The next day it  was raining, which for some might mean disappointment, but for us was good news, as most of the other tourists stayed inside and it felt like we got the city to ourselves. We wandered the Venice islands where we walked through the gardens and Remembrance Park, the old naval gates at the ‘Arsenale’ and, of course, stopped at various cicchetti bars, warming up with delicious snacks and good wine.  After our cicchetti bender we went home, only to be convinced to have a drink with out AirB&B hosts and the other guests.  Our host was Chinese, and it seems like almost all the guests besides us were as well.  One guest, Dennis, was adamant that we share some grappa with them (strong, homemade brandy), and after a few shots, Dennis, our hosts and the other guests were teaching us Chinese words and phrases while we answered their various questions about English and our culture.

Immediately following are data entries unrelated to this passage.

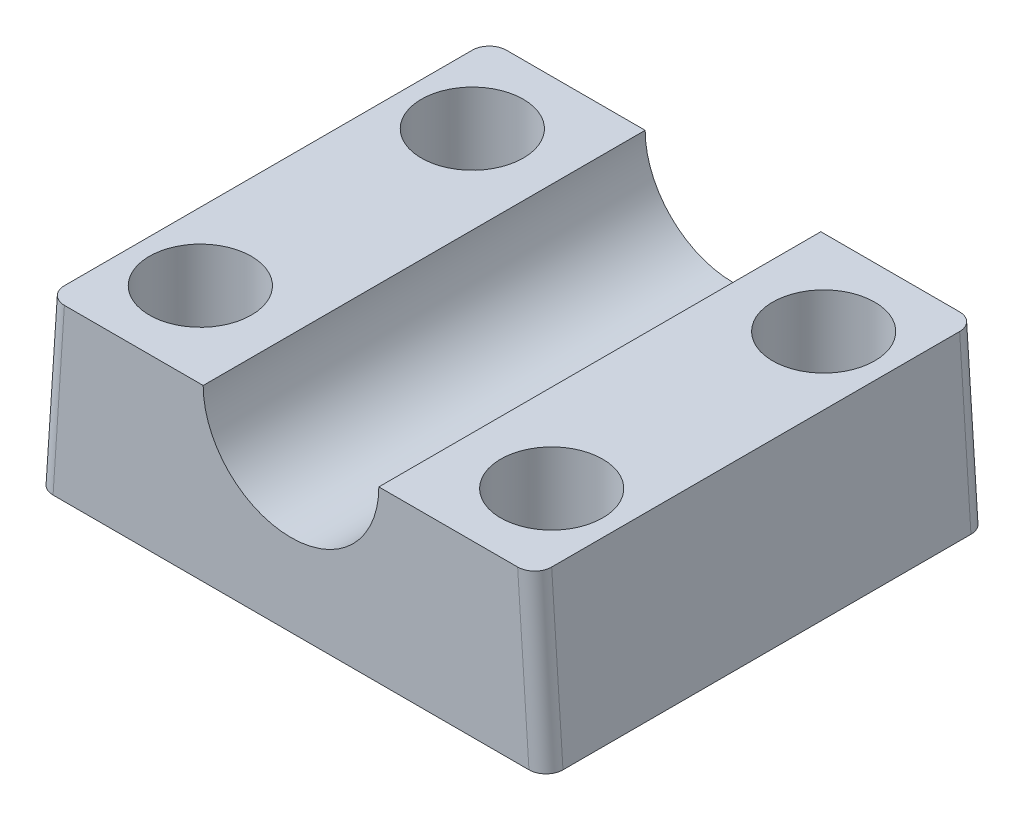
ISO-10303-21;
HEADER;
FILE_DESCRIPTION(('STEP AP214'),'2;1');
FILE_NAME('part.step','',(''),(''),'','','');
FILE_SCHEMA(('AUTOMOTIVE_DESIGN { 1 0 10303 214 1 1 1 1 }'));
ENDSEC;
DATA;
#1=APPLICATION_CONTEXT('core data for automotive mechanical design processes');
#2=APPLICATION_PROTOCOL_DEFINITION('international standard','automotive_design',2000,#1);
#3=PRODUCT_CONTEXT('',#1,'mechanical');
#4=PRODUCT('Part','Part','',(#3));
#5=PRODUCT_RELATED_PRODUCT_CATEGORY('part','',(#4));
#6=PRODUCT_DEFINITION_FORMATION('','',#4);
#7=PRODUCT_DEFINITION_CONTEXT('part definition',#1,'design');
#8=PRODUCT_DEFINITION('design','',#6,#7);
#9=PRODUCT_DEFINITION_SHAPE('','',#8);
#10=(LENGTH_UNIT() NAMED_UNIT(*) SI_UNIT(.MILLI.,.METRE.));
#11=(NAMED_UNIT(*) PLANE_ANGLE_UNIT() SI_UNIT($,.RADIAN.));
#12=(NAMED_UNIT(*) SI_UNIT($,.STERADIAN.) SOLID_ANGLE_UNIT());
#13=UNCERTAINTY_MEASURE_WITH_UNIT(LENGTH_MEASURE(1.E-05),#10,'distance_accuracy_value','');
#14=(GEOMETRIC_REPRESENTATION_CONTEXT(3) GLOBAL_UNCERTAINTY_ASSIGNED_CONTEXT((#13)) GLOBAL_UNIT_ASSIGNED_CONTEXT((#10,
#11,#12)) REPRESENTATION_CONTEXT('',''));
#15=CARTESIAN_POINT('',(0.,0.,0.));
#16=DIRECTION('',(0.,0.,1.));
#17=DIRECTION('',(1.,0.,0.));
#18=AXIS2_PLACEMENT_3D('',#15,#16,#17);
#19=CARTESIAN_POINT('',(0.,15.,39.));
#20=DIRECTION('',(0.,0.,-1.));
#21=DIRECTION('',(-1.,0.,0.));
#22=AXIS2_PLACEMENT_3D('',#19,#20,#21);
#23=CYLINDRICAL_SURFACE('',#22,7.75);
#24=CARTESIAN_POINT('',(0.,15.,0.));
#25=DIRECTION('',(0.,0.,-1.));
#26=DIRECTION('',(1.,0.,0.));
#27=AXIS2_PLACEMENT_3D('',#24,#25,#26);
#28=CIRCLE('',#27,7.75);
#29=CARTESIAN_POINT('',(7.75,15.,0.));
#30=VERTEX_POINT('',#29);
#31=CARTESIAN_POINT('',(-7.75,15.,0.));
#32=VERTEX_POINT('',#31);
#33=EDGE_CURVE('E139',#30,#32,#28,.T.);
#34=ORIENTED_EDGE('',*,*,#33,.T.);
#35=DIRECTION('',(0.,0.,-1.));
#36=VECTOR('',#35,1.);
#37=CARTESIAN_POINT('',(-7.75,15.,39.));
#38=LINE('',#37,#36);
#39=CARTESIAN_POINT('',(-7.75,15.,39.));
#40=VERTEX_POINT('',#39);
#41=EDGE_CURVE('E117',#40,#32,#38,.T.);
#42=ORIENTED_EDGE('',*,*,#41,.F.);
#43=CARTESIAN_POINT('',(0.,15.,39.));
#44=DIRECTION('',(0.,0.,-1.));
#45=DIRECTION('',(1.,0.,0.));
#46=AXIS2_PLACEMENT_3D('',#43,#44,#45);
#47=CIRCLE('',#46,7.75);
#48=CARTESIAN_POINT('',(7.75,15.,39.));
#49=VERTEX_POINT('',#48);
#50=EDGE_CURVE('E125',#49,#40,#47,.T.);
#51=ORIENTED_EDGE('',*,*,#50,.F.);
#52=DIRECTION('',(0.,0.,-1.));
#53=VECTOR('',#52,1.);
#54=CARTESIAN_POINT('',(7.75,15.,39.));
#55=LINE('',#54,#53);
#56=EDGE_CURVE('E206',#49,#30,#55,.T.);
#57=ORIENTED_EDGE('',*,*,#56,.T.);
#58=EDGE_LOOP('',(#34,#42,#51,#57));
#59=FACE_BOUND('',#58,.T.);
#60=ADVANCED_FACE('F37',(#59),#23,.F.);
#61=CARTESIAN_POINT('',(-7.75,15.,39.));
#62=DIRECTION('',(0.,-1.,0.));
#63=DIRECTION('',(1.,0.,0.));
#64=AXIS2_PLACEMENT_3D('',#61,#62,#63);
#65=PLANE('',#64);
#66=CARTESIAN_POINT('',(-15.5,15.,7.5));
#67=DIRECTION('',(0.,-1.,0.));
#68=DIRECTION('',(1.,0.,0.));
#69=AXIS2_PLACEMENT_3D('',#66,#67,#68);
#70=CIRCLE('',#69,4.49999999999999);
#71=CARTESIAN_POINT('',(-11.,15.,7.5));
#72=VERTEX_POINT('',#71);
#73=EDGE_CURVE('E417',#72,#72,#70,.T.);
#74=ORIENTED_EDGE('',*,*,#73,.T.);
#75=EDGE_LOOP('',(#74));
#76=FACE_BOUND('',#75,.T.);
#77=CARTESIAN_POINT('',(-15.5,15.,31.5));
#78=DIRECTION('',(0.,-1.,0.));
#79=DIRECTION('',(1.,0.,0.));
#80=AXIS2_PLACEMENT_3D('',#77,#78,#79);
#81=CIRCLE('',#80,4.49999999999999);
#82=CARTESIAN_POINT('',(-11.,15.,31.5));
#83=VERTEX_POINT('',#82);
#84=EDGE_CURVE('E411',#83,#83,#81,.T.);
#85=ORIENTED_EDGE('',*,*,#84,.T.);
#86=EDGE_LOOP('',(#85));
#87=FACE_BOUND('',#86,.T.);
#88=DIRECTION('',(0.,0.,-1.));
#89=VECTOR('',#88,1.);
#90=CARTESIAN_POINT('',(-21.5,15.,39.));
#91=LINE('',#90,#89);
#92=CARTESIAN_POINT('',(-21.5,15.,37.5));
#93=VERTEX_POINT('',#92);
#94=CARTESIAN_POINT('',(-21.5,15.,1.5));
#95=VERTEX_POINT('',#94);
#96=EDGE_CURVE('E141',#93,#95,#91,.T.);
#97=ORIENTED_EDGE('',*,*,#96,.F.);
#98=CARTESIAN_POINT('',(-19.9966703621627,15.,37.5));
#99=DIRECTION('',(0.,-1.,0.));
#100=DIRECTION('',(1.,0.,0.));
#101=AXIS2_PLACEMENT_3D('',#98,#99,#100);
#102=ELLIPSE('',#101,1.50332963783729,1.5);
#103=CARTESIAN_POINT('',(-19.9966703621627,15.,39.));
#104=VERTEX_POINT('',#103);
#105=EDGE_CURVE('E120',#93,#104,#102,.F.);
#106=ORIENTED_EDGE('',*,*,#105,.T.);
#107=DIRECTION('',(-1.,0.,0.));
#108=VECTOR('',#107,1.);
#109=CARTESIAN_POINT('',(-7.75,15.,39.));
#110=LINE('',#109,#108);
#111=EDGE_CURVE('E113',#40,#104,#110,.T.);
#112=ORIENTED_EDGE('',*,*,#111,.F.);
#113=ORIENTED_EDGE('',*,*,#41,.T.);
#114=DIRECTION('',(-1.,0.,0.));
#115=VECTOR('',#114,1.);
#116=CARTESIAN_POINT('',(-7.75,15.,0.));
#117=LINE('',#116,#115);
#118=CARTESIAN_POINT('',(-19.9966703621627,15.,0.));
#119=VERTEX_POINT('',#118);
#120=EDGE_CURVE('E194',#32,#119,#117,.T.);
#121=ORIENTED_EDGE('',*,*,#120,.T.);
#122=CARTESIAN_POINT('',(-19.9966703621627,15.,1.5));
#123=DIRECTION('',(0.,-1.,0.));
#124=DIRECTION('',(-1.,0.,0.));
#125=AXIS2_PLACEMENT_3D('',#122,#123,#124);
#126=ELLIPSE('',#125,1.50332963783729,1.5);
#127=EDGE_CURVE('E57',#119,#95,#126,.F.);
#128=ORIENTED_EDGE('',*,*,#127,.T.);
#129=EDGE_LOOP('',(#97,#106,#112,#113,#121,#128));
#130=FACE_BOUND('',#129,.T.);
#131=ADVANCED_FACE('F115',(#76,#87,#130),#65,.F.);
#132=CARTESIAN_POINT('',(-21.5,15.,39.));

What was supposed to be only ‘1 drink’ quickly turned into three hours later.  Our host and the other guests expressed how happy they were that we joined them as we stumbled up to our room.

That next day it wasn’t raining, but the town of Venice was totally flooded.  Some streets were completely covered in water, which seems to be a pretty common occurrence there as you could see maintenance men working everywhere to drain the water from the streets, locals walking by unbothered in their rain boots.  We wandered to a different area we had not seen while on our cicchetti benders that was near the university, that we figured out quickly since there were young students everywhere.  We spent hours walking through picturesque alleyways and  over bridges, stopping at cicchetti bars and filling up on some of the best food and wine I’ve ever had.  We came home to Dennis and the other guests drinking in the kitchen, again, where Caleb was convinced to stay for an ‘English lesson.’  I could hear Caleb’s calm ‘teacher voice’ instructing the five adults in the correct way to make the ‘R’ and ‘S’ sounds from our room.  He said he went through the whole alphabet, created a pronunciation guide for each letter, and drew examples, pictures and sentences to help them practice.  The night slowly turned to morning as a ‘quick lesson’ turned into a three hour class.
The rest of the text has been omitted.